According to the photolithographic technique, a two-dimensional circuit pattern formed by a combination of opening and light-shielding parts is transferred onto a photosensitive resin or photoresist etc., and it does not usually depend on a height direction of the circuit pattern or a three-dimensional shape. There has been provided a method that controls the shape in the height direction by partial exposure-amount adjustments and forms a three-dimensional shape on the photoresist (see, for example, Japanese Laid-Open Patent Application No. 63-289817). Moreover, there has been proposed a method that can be used to etch an optical element with a three-dimensional photoresist and manufacture a three-dimensional optical element (see, for example, Japanese Laid-Open Patent Application No. 2002-287370).
The micromechanics, such as a biochip, and an optical element, such as a micro lens array, have recently been required to have a special surface shape. Even in this case, a surface shape of a three-dimensional structure is formed by exposing a photoresist formed on a substrate, with a mask having a two-dimensional transmittance distribution, and then developing the photoresist.
When lithography is used to form a three-dimensional structure on the photoresist as a photosensitive resin, a thickness of the photosensitive resin determines the height of the three-dimensional structure. The photosensitive resin, thickness and selectivity with the substrate in etching define a transfer of a photoresist's shape onto the substrate through anisotropic etching, etc. The three-dimensional structure's height needs to range from sub-micron to about several hundred microns depending on purposes of use, such as a micro lens array.

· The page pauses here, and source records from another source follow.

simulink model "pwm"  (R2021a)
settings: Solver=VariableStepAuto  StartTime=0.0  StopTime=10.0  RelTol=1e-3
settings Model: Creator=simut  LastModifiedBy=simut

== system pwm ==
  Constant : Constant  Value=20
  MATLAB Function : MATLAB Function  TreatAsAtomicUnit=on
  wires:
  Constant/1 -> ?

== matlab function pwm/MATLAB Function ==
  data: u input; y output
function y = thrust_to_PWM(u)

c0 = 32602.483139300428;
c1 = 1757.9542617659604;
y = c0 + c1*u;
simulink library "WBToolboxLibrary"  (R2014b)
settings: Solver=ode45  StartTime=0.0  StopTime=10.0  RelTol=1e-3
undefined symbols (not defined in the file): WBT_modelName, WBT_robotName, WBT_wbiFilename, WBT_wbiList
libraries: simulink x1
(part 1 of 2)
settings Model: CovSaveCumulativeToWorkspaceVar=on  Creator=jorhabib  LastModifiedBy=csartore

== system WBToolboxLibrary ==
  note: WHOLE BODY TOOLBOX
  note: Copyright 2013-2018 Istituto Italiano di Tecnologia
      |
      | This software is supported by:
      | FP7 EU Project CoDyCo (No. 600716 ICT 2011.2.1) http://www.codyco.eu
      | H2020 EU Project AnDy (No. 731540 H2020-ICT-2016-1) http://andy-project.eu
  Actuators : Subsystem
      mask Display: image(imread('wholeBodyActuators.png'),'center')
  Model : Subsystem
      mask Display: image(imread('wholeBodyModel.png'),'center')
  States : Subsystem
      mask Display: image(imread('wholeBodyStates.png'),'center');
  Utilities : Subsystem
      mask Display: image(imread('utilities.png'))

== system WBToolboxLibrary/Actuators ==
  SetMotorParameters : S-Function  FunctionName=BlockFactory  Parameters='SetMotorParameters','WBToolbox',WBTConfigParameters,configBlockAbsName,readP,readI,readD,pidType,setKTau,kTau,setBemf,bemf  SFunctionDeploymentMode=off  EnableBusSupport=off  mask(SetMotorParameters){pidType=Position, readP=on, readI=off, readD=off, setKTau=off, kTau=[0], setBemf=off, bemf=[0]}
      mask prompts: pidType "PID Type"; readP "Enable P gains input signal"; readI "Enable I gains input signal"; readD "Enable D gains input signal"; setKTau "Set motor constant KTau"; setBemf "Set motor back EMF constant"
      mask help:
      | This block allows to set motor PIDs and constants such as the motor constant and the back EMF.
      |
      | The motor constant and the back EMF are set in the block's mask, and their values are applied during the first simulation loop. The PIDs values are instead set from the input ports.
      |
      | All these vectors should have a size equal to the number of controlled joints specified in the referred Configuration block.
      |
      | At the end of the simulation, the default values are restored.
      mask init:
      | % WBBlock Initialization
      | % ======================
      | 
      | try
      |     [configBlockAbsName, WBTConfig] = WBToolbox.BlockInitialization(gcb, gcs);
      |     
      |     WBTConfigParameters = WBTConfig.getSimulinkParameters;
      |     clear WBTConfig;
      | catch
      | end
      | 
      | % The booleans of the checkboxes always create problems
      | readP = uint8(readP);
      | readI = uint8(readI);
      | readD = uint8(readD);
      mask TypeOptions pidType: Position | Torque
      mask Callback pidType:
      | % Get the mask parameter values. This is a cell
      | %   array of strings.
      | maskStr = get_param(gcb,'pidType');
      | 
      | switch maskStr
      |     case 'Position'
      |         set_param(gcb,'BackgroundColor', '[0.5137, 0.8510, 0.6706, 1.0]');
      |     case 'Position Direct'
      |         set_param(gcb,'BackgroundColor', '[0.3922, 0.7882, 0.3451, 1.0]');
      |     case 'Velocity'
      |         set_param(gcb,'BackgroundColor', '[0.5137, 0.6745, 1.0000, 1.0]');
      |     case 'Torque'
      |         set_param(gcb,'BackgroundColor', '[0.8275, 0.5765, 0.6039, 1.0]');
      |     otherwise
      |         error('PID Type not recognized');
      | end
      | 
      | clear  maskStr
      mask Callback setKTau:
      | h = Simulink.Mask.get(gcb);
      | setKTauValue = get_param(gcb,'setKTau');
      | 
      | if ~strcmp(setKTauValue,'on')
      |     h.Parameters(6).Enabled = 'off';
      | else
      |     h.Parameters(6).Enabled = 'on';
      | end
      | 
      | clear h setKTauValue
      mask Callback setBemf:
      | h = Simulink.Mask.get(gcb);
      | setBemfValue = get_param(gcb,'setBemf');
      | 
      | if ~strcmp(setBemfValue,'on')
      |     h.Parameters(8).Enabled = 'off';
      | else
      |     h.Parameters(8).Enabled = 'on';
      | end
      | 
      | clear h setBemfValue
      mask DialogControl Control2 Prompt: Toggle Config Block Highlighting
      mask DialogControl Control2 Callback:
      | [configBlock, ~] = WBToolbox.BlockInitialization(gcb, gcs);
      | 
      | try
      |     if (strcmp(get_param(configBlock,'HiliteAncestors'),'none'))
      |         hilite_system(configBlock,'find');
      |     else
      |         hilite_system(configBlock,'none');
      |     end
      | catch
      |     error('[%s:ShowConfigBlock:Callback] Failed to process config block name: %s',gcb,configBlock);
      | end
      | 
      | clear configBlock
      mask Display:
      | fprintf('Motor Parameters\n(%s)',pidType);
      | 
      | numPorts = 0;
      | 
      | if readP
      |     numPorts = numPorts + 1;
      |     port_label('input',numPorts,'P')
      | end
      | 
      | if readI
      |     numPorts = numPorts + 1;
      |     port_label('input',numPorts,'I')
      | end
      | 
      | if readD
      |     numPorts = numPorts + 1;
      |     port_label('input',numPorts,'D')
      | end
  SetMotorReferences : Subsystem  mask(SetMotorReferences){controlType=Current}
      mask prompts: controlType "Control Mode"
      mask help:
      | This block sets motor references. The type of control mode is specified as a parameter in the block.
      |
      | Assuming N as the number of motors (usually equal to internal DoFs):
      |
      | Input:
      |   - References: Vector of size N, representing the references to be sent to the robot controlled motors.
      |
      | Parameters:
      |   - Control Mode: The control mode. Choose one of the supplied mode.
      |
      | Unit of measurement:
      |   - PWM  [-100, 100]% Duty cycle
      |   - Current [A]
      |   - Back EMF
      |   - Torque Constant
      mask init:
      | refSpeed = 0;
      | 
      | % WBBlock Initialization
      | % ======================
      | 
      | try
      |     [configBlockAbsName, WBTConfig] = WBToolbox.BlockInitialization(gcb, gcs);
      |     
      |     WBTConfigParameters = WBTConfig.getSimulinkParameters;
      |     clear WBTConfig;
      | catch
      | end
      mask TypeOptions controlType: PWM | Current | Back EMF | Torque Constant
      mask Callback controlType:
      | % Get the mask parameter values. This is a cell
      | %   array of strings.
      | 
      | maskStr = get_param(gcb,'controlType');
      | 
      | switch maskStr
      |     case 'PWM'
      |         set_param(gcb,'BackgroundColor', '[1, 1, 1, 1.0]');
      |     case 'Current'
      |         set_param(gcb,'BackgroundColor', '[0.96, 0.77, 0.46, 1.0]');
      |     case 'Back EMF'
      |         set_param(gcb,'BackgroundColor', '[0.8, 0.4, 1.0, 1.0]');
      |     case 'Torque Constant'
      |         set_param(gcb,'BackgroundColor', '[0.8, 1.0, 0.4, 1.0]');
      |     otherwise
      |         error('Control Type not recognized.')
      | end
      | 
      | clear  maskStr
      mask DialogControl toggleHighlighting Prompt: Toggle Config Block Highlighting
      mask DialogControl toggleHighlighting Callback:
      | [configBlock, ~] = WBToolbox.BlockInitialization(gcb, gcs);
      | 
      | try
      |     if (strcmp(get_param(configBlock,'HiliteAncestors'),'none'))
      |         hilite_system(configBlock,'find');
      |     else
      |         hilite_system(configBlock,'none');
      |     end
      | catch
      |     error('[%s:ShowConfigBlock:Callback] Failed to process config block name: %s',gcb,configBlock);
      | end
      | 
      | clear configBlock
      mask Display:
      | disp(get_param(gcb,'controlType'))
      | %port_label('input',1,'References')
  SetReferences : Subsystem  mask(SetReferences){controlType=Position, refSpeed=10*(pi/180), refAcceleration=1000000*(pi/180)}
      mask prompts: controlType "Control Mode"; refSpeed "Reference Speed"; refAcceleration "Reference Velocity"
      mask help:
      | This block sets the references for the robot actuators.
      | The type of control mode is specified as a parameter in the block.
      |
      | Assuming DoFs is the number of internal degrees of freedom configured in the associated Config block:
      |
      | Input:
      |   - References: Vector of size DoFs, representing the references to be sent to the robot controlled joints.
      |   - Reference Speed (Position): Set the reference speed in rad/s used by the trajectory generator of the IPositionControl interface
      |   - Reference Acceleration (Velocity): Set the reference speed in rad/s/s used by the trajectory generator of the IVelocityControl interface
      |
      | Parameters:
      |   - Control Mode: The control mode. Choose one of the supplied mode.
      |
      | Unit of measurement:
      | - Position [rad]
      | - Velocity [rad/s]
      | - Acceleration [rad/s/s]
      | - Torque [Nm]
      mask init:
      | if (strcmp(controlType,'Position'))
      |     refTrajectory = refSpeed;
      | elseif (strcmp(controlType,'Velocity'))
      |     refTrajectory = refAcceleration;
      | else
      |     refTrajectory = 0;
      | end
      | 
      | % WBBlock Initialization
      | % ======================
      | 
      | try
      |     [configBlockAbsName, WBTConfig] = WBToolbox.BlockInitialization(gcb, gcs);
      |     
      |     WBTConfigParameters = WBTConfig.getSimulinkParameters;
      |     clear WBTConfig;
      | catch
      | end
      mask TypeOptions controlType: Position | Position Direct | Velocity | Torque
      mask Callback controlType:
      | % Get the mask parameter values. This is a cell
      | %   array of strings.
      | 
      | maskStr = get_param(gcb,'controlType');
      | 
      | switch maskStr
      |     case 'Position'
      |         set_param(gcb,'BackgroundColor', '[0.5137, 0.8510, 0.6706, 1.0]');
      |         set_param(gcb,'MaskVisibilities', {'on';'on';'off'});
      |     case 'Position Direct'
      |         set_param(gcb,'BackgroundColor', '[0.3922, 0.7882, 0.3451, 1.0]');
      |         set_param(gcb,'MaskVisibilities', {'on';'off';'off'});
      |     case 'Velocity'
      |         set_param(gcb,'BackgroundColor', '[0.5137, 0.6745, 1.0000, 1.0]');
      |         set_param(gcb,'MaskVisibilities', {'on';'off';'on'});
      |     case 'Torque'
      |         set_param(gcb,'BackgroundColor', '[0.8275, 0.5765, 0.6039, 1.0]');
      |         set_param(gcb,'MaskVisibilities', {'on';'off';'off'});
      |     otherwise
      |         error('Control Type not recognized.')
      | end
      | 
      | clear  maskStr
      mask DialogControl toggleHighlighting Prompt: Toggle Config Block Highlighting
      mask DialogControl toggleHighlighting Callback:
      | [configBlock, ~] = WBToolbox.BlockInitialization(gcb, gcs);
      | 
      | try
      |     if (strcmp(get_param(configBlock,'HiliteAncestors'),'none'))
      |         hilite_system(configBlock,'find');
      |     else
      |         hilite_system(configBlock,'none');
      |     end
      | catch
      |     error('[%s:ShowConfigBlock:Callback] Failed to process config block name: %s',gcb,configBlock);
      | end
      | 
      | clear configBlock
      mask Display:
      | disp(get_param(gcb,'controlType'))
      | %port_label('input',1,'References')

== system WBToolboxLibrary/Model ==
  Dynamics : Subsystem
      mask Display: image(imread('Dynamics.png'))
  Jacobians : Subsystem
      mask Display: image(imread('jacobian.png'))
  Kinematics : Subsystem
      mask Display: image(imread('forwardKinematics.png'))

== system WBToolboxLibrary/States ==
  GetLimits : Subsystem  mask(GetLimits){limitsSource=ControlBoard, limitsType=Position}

Instant applicants have discovered that in forming a photosensitive resin with a three-dimensional structure through exposure with a distributed exposure energy amount, a structure shown in FIG. 15 appears on and remarkably roughens the surface, because almost all the parts of the photosensitive resin are developed during the formation of the three-dimensional structure. In other words, after the photosensitive resin is applied on the substrate, baking is performed to remove the solvent, and baking generates the Bernard convection. The Bernard convection produces Bernard cells in the photosensitive resin, and the Bernard cells appear on the surface due to development. Here, the Bernard convection is a thermal convection that induces a pattern called Bernard cells, as a static and horizontal fluid layer is uniformly heated from the bottom, and a difference in temperature between the upper and bottom surfaces reaches a certain extent. Here, FIG. 15 is a schematic plane view showing exemplary Bernard cells generated in the photosensitive resin.
In a method that is used to transfer a three-dimensional structure onto a substrate using etching, it is conceivable to increase the etching selectivity between the photosensitive resin and the substrate, and to form a desired three-dimensional structure even in a photosensitive resin having a small film thickness. However, this method would result in a rougher photosensitive resin shape and newly roughens the shape of the surface.